### Work instruction:
In the records below, begin at the line containing "Actuator limitation/1 ->" and end at the line containing "u/1 -> Actuator limitation/1"; quote every line in that span exactly, including both boundary lines, and no others.

Saved entries
<<<<

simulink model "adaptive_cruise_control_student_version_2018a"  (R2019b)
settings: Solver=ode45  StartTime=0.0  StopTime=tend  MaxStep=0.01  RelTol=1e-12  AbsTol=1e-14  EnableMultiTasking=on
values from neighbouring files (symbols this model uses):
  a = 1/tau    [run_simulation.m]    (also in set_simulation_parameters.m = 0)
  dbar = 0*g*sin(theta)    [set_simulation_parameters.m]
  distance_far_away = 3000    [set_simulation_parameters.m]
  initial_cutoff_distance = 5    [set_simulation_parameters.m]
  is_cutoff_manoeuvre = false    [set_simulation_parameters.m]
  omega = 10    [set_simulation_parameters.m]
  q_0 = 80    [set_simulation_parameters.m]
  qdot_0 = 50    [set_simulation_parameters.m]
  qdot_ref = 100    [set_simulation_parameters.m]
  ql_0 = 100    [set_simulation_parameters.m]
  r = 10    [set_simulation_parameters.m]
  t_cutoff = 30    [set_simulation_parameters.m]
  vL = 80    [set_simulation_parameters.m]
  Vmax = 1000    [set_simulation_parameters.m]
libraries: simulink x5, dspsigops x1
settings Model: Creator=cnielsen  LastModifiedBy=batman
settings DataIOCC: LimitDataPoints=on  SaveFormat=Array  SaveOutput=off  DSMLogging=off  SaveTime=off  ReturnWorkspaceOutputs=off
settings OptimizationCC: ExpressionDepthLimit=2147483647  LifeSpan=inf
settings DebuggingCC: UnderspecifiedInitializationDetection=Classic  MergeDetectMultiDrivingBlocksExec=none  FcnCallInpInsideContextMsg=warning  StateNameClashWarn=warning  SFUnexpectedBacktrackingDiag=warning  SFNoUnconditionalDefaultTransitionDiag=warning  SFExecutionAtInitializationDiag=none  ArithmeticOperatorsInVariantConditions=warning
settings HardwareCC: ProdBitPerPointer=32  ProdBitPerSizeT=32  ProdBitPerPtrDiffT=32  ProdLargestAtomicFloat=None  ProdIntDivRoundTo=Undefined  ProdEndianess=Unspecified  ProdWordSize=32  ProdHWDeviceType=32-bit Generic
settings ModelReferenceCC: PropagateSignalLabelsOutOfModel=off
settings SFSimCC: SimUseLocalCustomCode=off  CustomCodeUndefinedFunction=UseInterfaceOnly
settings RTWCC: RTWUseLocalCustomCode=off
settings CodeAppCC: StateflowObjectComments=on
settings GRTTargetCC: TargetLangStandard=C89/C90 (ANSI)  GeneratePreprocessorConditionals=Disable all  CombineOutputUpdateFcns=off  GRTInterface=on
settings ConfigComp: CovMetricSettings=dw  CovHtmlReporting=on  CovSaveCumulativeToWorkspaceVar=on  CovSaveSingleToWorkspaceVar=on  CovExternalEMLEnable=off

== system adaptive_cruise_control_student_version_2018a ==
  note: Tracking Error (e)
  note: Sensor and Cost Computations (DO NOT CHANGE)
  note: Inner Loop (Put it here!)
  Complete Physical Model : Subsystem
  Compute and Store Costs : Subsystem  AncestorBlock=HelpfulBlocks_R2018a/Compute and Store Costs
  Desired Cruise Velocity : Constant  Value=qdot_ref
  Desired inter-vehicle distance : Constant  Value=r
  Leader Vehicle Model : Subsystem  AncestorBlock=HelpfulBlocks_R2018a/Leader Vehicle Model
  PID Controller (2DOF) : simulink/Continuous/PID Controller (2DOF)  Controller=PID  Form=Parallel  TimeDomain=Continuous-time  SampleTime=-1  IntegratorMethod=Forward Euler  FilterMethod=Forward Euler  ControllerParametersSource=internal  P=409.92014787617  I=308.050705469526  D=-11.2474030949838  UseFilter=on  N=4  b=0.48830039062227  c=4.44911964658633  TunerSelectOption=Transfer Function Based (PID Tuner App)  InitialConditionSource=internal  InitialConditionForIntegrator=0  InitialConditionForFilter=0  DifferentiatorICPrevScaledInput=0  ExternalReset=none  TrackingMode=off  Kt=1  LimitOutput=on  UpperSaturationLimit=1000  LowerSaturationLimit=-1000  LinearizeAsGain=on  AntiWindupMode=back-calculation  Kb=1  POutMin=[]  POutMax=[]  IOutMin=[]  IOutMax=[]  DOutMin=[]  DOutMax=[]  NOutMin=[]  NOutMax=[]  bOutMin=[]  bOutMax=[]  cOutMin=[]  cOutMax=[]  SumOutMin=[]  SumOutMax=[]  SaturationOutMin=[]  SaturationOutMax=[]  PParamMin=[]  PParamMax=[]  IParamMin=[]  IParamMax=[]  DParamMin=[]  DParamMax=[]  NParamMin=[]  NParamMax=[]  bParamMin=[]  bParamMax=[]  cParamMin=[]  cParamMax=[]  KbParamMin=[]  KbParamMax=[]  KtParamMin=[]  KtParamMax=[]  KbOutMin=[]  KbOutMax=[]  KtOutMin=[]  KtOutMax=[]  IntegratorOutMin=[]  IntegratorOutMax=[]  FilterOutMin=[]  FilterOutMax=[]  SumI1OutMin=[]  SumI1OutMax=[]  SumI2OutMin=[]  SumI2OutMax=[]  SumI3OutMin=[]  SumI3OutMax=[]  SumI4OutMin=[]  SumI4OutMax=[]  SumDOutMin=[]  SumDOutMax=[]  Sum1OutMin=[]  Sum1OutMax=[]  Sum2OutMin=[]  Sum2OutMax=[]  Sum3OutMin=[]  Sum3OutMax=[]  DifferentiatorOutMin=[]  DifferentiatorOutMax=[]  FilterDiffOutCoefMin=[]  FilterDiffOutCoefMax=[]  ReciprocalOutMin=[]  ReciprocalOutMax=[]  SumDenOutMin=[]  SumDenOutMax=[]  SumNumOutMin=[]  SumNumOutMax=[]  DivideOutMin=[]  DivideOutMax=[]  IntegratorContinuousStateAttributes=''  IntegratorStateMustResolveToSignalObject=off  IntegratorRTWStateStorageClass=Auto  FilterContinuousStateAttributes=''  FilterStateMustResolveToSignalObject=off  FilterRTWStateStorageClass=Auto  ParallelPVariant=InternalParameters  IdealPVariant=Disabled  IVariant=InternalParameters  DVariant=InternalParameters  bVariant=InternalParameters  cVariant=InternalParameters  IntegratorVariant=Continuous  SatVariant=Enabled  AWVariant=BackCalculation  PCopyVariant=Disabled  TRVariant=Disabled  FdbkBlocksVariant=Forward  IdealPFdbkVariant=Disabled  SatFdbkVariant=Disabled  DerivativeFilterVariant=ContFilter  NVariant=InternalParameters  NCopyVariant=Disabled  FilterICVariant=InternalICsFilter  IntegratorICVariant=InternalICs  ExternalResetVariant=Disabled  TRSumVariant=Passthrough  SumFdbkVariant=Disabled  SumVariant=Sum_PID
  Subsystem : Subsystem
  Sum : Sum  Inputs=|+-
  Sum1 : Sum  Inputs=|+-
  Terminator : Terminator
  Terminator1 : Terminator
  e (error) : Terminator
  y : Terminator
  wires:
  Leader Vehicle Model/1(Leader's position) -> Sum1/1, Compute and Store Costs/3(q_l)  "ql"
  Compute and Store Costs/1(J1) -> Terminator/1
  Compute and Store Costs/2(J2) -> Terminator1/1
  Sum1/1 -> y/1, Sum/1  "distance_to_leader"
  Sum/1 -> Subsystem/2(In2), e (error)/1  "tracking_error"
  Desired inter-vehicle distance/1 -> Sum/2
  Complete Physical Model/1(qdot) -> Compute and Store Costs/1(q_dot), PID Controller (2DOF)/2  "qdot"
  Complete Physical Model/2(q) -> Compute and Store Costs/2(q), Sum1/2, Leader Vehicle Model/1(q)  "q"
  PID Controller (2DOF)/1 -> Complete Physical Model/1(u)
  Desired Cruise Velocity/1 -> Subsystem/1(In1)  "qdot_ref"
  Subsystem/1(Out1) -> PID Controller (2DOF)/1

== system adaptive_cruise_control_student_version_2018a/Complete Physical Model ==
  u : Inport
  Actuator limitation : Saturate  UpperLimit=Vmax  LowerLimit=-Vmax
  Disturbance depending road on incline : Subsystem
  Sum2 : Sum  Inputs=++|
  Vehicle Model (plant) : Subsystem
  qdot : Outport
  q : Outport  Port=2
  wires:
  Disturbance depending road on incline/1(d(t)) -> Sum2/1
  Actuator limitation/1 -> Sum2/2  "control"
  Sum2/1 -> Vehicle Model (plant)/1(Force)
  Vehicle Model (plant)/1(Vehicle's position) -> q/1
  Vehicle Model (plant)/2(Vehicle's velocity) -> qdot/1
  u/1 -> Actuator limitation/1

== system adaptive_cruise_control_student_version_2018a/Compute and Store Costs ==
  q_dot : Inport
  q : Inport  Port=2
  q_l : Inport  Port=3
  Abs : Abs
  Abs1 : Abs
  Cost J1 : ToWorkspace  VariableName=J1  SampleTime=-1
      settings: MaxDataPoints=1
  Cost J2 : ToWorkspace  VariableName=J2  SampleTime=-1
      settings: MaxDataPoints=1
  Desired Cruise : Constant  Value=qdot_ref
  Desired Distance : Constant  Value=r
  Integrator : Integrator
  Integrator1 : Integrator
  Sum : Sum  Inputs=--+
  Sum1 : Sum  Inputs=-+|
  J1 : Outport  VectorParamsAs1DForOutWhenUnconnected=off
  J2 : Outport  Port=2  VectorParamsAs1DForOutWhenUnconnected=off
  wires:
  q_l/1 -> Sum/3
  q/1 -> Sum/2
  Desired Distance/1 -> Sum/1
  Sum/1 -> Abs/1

>>>>

### Task output:
  Actuator limitation/1 -> Sum2/2  "control"
  Sum2/1 -> Vehicle Model (plant)/1(Force)
  Vehicle Model (plant)/1(Vehicle's position) -> q/1
  Vehicle Model (plant)/2(Vehicle's velocity) -> qdot/1
  u/1 -> Actuator limitation/1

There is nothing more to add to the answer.